Dès lors que le salarié est assuré de devenir propriétaire des titres au terme de la période d'acquisition, le droit d'acquisition est acquis au jour de l'attribution. La période de référence correspond au jour d'attribution.
Note
La loi Macron, adoptée le 6 août 2015, a modifié les modalités d'imposition des gains d'acquisition d'actions gratuites attribuées en vertu d'une décision prise à compter du 8 août 2015 : les gains résultant d'actions attribuées avant cette date sont imposés dans la catégorie des traitements et salaires, ceux résultant d'actions attribuées depuis lors sont imposés selon les règles applicables aux plus-values de valeur mobilières. Dans ses commentaires, l'administration fiscale a souligné que le gain d'acquisition conserve sa nature de gain salarial en dépit de la modification des modalités d'imposition. Il semblerait donc que ce changement soit sans effet sur les dispositions fiscales conventionnelles qui leur sont applicables s'agissant notamment des dispositions relatives à l'élimination des doubles impositions.
Application aux BSPCE
En cas de mobilité internationale du bénéficiaire du bon, le gain d'exercice est imposable dans le ou les Etats dans lesquels l'activité rémunérée par le bon a été exercée, sous réserve que la rémunération perçue au titre de cette activité soit imposable dans l'Etat considéré en application des dispositions conventionnelles.

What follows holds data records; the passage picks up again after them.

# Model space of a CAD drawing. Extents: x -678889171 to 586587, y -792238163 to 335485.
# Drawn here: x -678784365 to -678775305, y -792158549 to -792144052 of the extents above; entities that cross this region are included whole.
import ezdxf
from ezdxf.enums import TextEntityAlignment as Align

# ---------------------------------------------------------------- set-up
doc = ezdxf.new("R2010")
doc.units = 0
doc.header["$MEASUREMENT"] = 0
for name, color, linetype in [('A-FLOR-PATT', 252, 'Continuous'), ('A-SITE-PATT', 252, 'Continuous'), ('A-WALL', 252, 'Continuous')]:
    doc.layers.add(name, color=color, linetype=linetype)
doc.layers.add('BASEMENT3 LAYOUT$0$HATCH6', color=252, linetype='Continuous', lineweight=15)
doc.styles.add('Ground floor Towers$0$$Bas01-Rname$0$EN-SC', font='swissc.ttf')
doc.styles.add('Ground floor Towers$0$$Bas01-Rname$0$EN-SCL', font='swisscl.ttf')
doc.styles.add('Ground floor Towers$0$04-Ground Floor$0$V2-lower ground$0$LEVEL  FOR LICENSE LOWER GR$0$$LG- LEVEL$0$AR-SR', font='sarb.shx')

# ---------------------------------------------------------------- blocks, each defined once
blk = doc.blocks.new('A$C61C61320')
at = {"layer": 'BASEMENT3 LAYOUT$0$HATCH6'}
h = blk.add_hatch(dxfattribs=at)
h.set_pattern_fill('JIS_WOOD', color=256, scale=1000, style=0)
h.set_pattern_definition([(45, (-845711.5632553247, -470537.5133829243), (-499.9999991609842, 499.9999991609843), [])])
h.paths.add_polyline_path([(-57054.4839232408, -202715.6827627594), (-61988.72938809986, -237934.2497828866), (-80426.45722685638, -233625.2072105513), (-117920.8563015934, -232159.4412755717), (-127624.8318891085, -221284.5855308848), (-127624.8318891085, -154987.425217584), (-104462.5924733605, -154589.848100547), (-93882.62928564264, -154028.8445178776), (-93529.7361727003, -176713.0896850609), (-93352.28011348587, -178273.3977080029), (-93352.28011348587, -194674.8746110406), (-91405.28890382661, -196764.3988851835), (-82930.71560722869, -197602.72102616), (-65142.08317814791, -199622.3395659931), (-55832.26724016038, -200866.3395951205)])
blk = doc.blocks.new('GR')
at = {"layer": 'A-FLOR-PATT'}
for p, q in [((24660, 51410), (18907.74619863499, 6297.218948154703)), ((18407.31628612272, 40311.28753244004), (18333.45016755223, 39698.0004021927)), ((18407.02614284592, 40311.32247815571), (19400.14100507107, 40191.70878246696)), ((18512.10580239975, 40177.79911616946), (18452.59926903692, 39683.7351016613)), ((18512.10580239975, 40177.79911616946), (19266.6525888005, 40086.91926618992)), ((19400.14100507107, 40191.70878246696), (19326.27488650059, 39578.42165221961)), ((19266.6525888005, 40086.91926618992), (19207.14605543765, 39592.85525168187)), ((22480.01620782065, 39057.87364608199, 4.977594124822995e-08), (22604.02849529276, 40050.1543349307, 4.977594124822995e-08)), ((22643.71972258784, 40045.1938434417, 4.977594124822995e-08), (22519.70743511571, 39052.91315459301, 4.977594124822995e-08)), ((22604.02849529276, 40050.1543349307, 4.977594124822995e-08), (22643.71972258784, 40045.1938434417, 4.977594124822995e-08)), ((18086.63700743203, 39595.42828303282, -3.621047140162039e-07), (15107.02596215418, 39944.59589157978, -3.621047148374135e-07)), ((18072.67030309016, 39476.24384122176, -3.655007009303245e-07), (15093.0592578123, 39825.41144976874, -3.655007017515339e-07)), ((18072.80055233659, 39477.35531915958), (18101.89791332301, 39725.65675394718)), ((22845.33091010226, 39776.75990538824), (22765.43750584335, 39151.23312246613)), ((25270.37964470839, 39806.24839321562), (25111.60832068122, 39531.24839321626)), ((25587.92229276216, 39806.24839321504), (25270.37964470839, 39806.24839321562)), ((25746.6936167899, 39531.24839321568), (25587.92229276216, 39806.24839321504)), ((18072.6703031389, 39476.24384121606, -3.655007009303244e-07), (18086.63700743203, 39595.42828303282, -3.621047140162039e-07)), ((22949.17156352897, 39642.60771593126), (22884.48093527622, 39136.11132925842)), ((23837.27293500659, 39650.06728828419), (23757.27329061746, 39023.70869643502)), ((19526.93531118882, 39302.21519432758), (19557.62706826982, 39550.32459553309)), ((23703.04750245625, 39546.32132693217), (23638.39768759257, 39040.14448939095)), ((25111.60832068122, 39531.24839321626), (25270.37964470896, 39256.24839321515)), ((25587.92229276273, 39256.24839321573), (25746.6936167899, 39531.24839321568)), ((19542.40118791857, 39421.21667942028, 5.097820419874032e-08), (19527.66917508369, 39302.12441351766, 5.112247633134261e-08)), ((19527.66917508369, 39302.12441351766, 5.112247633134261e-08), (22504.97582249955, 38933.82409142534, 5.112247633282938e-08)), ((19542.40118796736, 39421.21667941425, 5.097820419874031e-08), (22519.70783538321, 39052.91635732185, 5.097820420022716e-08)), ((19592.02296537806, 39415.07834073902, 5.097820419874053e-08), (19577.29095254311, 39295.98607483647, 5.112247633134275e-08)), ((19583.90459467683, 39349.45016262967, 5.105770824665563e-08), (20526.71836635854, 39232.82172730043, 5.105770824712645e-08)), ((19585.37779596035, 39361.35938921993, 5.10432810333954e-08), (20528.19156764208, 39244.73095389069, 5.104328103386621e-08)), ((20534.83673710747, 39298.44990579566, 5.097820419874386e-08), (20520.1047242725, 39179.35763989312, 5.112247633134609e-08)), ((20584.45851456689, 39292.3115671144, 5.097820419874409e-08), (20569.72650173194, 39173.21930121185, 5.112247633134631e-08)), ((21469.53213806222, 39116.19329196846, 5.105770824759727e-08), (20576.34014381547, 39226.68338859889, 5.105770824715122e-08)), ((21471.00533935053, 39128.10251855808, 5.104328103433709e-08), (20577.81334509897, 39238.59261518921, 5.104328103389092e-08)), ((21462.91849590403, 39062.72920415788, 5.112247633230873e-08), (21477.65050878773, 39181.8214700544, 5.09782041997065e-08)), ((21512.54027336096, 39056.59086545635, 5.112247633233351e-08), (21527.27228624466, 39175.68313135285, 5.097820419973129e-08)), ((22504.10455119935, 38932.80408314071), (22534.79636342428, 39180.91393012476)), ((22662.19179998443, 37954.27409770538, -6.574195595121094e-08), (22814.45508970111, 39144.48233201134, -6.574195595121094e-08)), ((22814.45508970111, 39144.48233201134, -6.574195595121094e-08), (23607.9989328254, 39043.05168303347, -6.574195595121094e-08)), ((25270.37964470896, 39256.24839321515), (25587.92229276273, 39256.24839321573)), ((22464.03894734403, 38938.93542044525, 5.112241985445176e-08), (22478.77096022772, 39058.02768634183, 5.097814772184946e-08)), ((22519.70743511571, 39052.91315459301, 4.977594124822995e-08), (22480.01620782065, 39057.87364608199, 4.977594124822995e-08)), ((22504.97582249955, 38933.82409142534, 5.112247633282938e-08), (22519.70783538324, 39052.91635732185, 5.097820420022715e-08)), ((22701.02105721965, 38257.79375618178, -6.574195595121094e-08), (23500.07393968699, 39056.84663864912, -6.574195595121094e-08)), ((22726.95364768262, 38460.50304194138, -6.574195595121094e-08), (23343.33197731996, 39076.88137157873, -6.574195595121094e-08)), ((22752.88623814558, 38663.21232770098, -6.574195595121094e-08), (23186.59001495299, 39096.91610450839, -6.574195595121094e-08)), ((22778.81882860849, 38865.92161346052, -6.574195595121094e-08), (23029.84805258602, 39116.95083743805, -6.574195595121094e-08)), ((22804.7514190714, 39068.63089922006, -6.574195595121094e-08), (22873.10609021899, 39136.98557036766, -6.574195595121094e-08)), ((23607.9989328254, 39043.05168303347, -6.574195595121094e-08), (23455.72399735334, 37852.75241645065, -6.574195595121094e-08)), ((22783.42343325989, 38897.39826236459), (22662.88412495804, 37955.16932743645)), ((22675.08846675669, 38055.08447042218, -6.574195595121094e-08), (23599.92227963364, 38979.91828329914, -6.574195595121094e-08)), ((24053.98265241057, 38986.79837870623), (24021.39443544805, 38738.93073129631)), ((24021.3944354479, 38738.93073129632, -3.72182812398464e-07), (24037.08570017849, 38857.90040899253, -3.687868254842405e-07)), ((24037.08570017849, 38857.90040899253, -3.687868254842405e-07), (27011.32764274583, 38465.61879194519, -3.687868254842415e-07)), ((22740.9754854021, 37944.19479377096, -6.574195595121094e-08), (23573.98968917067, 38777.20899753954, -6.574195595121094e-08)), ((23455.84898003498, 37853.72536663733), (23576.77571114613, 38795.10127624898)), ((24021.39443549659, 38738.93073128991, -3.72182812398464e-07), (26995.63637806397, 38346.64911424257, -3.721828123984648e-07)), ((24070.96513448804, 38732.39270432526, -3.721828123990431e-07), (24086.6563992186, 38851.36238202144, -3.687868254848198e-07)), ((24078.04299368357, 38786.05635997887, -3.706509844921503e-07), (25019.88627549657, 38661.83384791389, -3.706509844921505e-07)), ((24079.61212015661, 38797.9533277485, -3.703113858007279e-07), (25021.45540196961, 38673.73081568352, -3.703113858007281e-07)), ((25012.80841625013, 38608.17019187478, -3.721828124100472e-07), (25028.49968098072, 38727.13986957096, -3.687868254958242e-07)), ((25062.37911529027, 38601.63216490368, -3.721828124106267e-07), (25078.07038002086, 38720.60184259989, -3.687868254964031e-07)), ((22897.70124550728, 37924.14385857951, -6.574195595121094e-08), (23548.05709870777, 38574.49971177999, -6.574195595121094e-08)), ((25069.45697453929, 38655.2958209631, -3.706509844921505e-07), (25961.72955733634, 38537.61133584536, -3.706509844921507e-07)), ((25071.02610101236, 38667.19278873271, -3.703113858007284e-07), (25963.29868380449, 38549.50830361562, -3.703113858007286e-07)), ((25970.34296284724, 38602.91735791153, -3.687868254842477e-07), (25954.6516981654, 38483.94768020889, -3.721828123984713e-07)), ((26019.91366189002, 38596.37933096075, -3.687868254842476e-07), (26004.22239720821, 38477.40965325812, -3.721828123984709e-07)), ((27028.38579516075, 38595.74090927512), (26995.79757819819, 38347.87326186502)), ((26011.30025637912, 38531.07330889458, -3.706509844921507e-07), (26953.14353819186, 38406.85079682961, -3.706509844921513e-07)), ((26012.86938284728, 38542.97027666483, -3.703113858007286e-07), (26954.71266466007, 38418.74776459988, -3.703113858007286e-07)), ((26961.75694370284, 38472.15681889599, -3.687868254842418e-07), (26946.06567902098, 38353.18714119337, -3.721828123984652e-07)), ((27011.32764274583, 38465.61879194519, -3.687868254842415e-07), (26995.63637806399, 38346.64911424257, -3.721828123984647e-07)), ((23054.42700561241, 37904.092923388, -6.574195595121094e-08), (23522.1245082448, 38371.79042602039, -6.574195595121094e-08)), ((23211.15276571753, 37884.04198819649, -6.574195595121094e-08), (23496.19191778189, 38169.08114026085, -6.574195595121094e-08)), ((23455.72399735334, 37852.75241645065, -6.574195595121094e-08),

La période de référence court de l'attribution du bon à la date à laquelle le bénéficiaire est propriétaire du droit d'exercer ce bon, c'est-à-dire lorsqu'il a définitivement acquis ce droit (même s'il ne peut pas l'exercer immédiatement).
La résidence fiscale prise en compte est celle du bénéficiaire au moment du fait générateur de l'imposition, c'est-à-dire au moment de la cession des titres acquis au moyen du bon.
Exemple
Le 1er janvier N, un salarié se voit attribuer des BSPCE qu'il pourra exercer lorsqu'il aura réalisé un chiffre d'affaires de 500 000 €. Il atteint cet objectif le 1er janvier N+2. Le délai d'exercice fixé par la société est de 10 ans.
Le salarié devenant propriétaire du droit d'exercice lorsqu'il réalise un chiffre d'affaires de 500 000 €, la période de référence court du 1er janvier N au 1er janvier N+2.